*** DATASET EXCERPTS ***
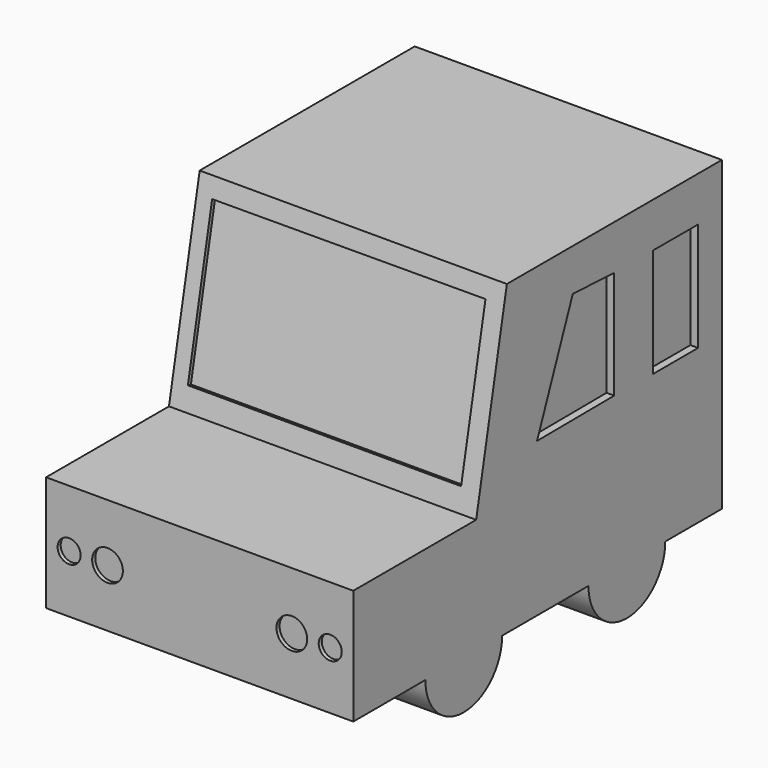
from build123d import *

# Parameters (mm, degrees)
F1_DEPTH = 40
F2_W     = 14.6631337702
F2_H     = 28.3150114119
F3_DEPTH = 2
F5_DEPTH = 1
F6_R     = 3
F6_R_2   = 4
F7_DEPTH = 1


# Not quite as in the source:
# - a pattern or mirror of a feature is missing from the dataset's text; its kind, count and spacing are read off the source's solid


with BuildPart() as f1:
    # F0 (on Right) → F1 (new body, symmetric)
    with BuildSketch(Plane.YZ):
        with BuildLine():
            Line((74.1590947979, 0), (74.1590947979, 80))
            Line((74.1590947979, 80), (4.1590947979, 80))
            Line((4.1590947979, 80), (-5.8409052021, 30))
            Line((-5.8409052021, 30), (-45.8409052021, 30))
            Line((-45.8409052021, 30), (-45.8409052021, 0))
            Line((-45.8409052021, 0), (-22.3770336471, 0))
            ThreePointArc((-22.3770336471, 0), (-9.8770336471, 12.5), (2.6229663529, 0))
            Line((2.6229663529, 0), (30.7202589484, 0))
            ThreePointArc((30.7202589484, 0), (43.2202589484, 12.5), (55.7202589484, 0))
            Line((55.7202589484, 0), (74.1590947979, 0))
        make_face()
        with BuildLine():
            ThreePointArc((30.7202589484, 0), (43.2202589484, -12.5), (55.7202589484, 0))
            Line((55.7202589484, 0), (30.7202589484, 0))
        make_face()
        with BuildLine():
            Line((30.7202589484, 0), (55.7202589484, 0))
            ThreePointArc((55.7202589484, 0), (43.2202589484, 12.5), (30.7202589484, 0))
        make_face()
        with BuildLine():
            ThreePointArc((-22.3770336471, 0), (-9.8770336471, -12.5), (2.6229663529, 0))
            Line((2.6229663529, 0), (-22.3770336471, 0))
        make_face()
        with BuildLine():
            Line((-22.3770336471, 0), (2.6229663529, 0))
            ThreePointArc((2.6229663529, 0), (-9.8770336471, 12.5), (-22.3770336471, 0))
        make_face()
    extrude(amount=F1_DEPTH, both=True)

    # F2 (on face) → F3 (cut)
    with BuildSketch(Plane(origin=(-40, 0, 0), x_dir=(0, -1, 0), z_dir=(-1, 0, 0))):
        Polygon((-13.9850862324, 40.0354526937), (-25.6144665182, 69.0246298909), (-39.0978083014, 68.3504641056), (-39.0978083014, 40.2039922774), align=None)
        with Locations((-59.0700041503, 54.1929583997)):
            Rectangle(F2_W, F2_H)
    f3 = extrude(amount=-F3_DEPTH, mode=Mode.SUBTRACT)

    # F3_copies: F3 across plane
    add(f3.mirror(Plane(origin=(0, 0, 0), x_dir=(0, 0, 1), z_dir=(1, 0, 0))), mode=Mode.SUBTRACT)

    # F4 (on face) → F5 (cut, symmetric)
    with BuildSketch(Plane(origin=(0, -11.3854857713, 2.2770971543), x_dir=(1, 0, 0), z_dir=(0, -0.9805806757, 0.1961161351))):
        Polygon((35.1756438613, 74.5268389583), (-35.977371037, 74.3224471807), (-35.977371037, 34.0555720031), (35.1756438613, 34.0555720031), align=None)
    extrude(amount=F5_DEPTH, both=True, mode=Mode.SUBTRACT)

    # F6 (on face) → F7 (cut, symmetric)
    with BuildSketch(Plane.XZ.offset(45.8409052021)):
        with Locations((-34, 15)):
            Circle(F6_R)
        with Locations((-24, 15)):
            Circle(F6_R_2)
        with Locations((24, 15)):
            Circle(F6_R_2)
        with Locations((34, 15)):
            Circle(F6_R)
    extrude(amount=F7_DEPTH, both=True, mode=Mode.SUBTRACT)


solid = f1.part
*** End of DATASET EXCERPTS ***
### WHAT THIS TASK INVOLVES
When copying the entries above, keep each word as it is and exclude any image.

### EXERCISE RESPONSE
from build123d import *

# Parameters (mm, degrees)
F1_DEPTH = 40
F2_W     = 14.6631337702
F2_H     = 28.3150114119
F3_DEPTH = 2
F5_DEPTH = 1
F6_R     = 3
F6_R_2   = 4
F7_DEPTH = 1


# Not quite as in the source:
# - a pattern or mirror of a feature is missing from the dataset's text; its kind, count and spacing are read off the source's solid


with BuildPart() as f1:
    # F0 (on Right) → F1 (new body, symmetric)
    with BuildSketch(Plane.YZ):
        with BuildLine():
            Line((74.1590947979, 0), (74.1590947979, 80))
            Line((74.1590947979, 80), (4.1590947979, 80))
            Line((4.1590947979, 80), (-5.8409052021, 30))
            Line((-5.8409052021, 30), (-45.8409052021, 30))
            Line((-45.8409052021, 30), (-45.8409052021, 0))
            Line((-45.8409052021, 0), (-22.3770336471, 0))
            ThreePointArc((-22.3770336471, 0), (-9.8770336471, 12.5), (2.6229663529, 0))
            Line((2.6229663529, 0), (30.7202589484, 0))
            ThreePointArc((30.7202589484, 0), (43.2202589484, 12.5), (55.7202589484, 0))
            Line((55.7202589484, 0), (74.1590947979, 0))
        make_face()
        with BuildLine():
            ThreePointArc((30.7202589484, 0), (43.2202589484, -12.5), (55.7202589484, 0))
            Line((55.7202589484, 0), (30.7202589484, 0))
        make_face()
        with BuildLine():
            Line((30.7202589484, 0), (55.7202589484, 0))
            ThreePointArc((55.7202589484, 0), (43.2202589484, 12.5), (30.7202589484, 0))
        make_face()
        with BuildLine():
            ThreePointArc((-22.3770336471, 0), (-9.8770336471, -12.5), (2.6229663529, 0))
            Line((2.6229663529, 0), (-22.3770336471, 0))
        make_face()
        with BuildLine():
            Line((-22.3770336471, 0), (2.6229663529, 0))
            ThreePointArc((2.6229663529, 0), (-9.8770336471, 12.5), (-22.3770336471, 0))
        make_face()
    extrude(amount=F1_DEPTH, both=True)

    # F2 (on face) → F3 (cut)
    with BuildSketch(Plane(origin=(-40, 0, 0), x_dir=(0, -1, 0), z_dir=(-1, 0, 0))):
        Polygon((-13.9850862324, 40.0354526937), (-25.6144665182, 69.0246298909), (-39.0978083014, 68.3504641056), (-39.0978083014, 40.2039922774), align=None)
        with Locations((-59.0700041503, 54.1929583997)):
            Rectangle(F2_W, F2_H)
    f3 = extrude(amount=-F3_DEPTH, mode=Mode.SUBTRACT)

    # F3_copies: F3 across plane
    add(f3.mirror(Plane(origin=(0, 0, 0), x_dir=(0, 0, 1), z_dir=(1, 0, 0))), mode=Mode.SUBTRACT)

    # F4 (on face) → F5 (cut, symmetric)
    with BuildSketch(Plane(origin=(0, -11.3854857713, 2.2770971543), x_dir=(1, 0, 0), z_dir=(0, -0.9805806757, 0.1961161351))):
        Polygon((35.1756438613, 74.5268389583), (-35.977371037, 74.3224471807), (-35.977371037, 34.0555720031), (35.1756438613, 34.0555720031), align=None)
    extrude(amount=F5_DEPTH, both=True, mode=Mode.SUBTRACT)

    # F6 (on face) → F7 (cut, symmetric)
    with BuildSketch(Plane.XZ.offset(45.8409052021)):
        with Locations((-34, 15)):
            Circle(F6_R)
        with Locations((-24, 15)):
            Circle(F6_R_2)
        with Locations((24, 15)):
            Circle(F6_R_2)
        with Locations((34, 15)):
            Circle(F6_R)
    extrude(amount=F7_DEPTH, both=True, mode=Mode.SUBTRACT)


solid = f1.part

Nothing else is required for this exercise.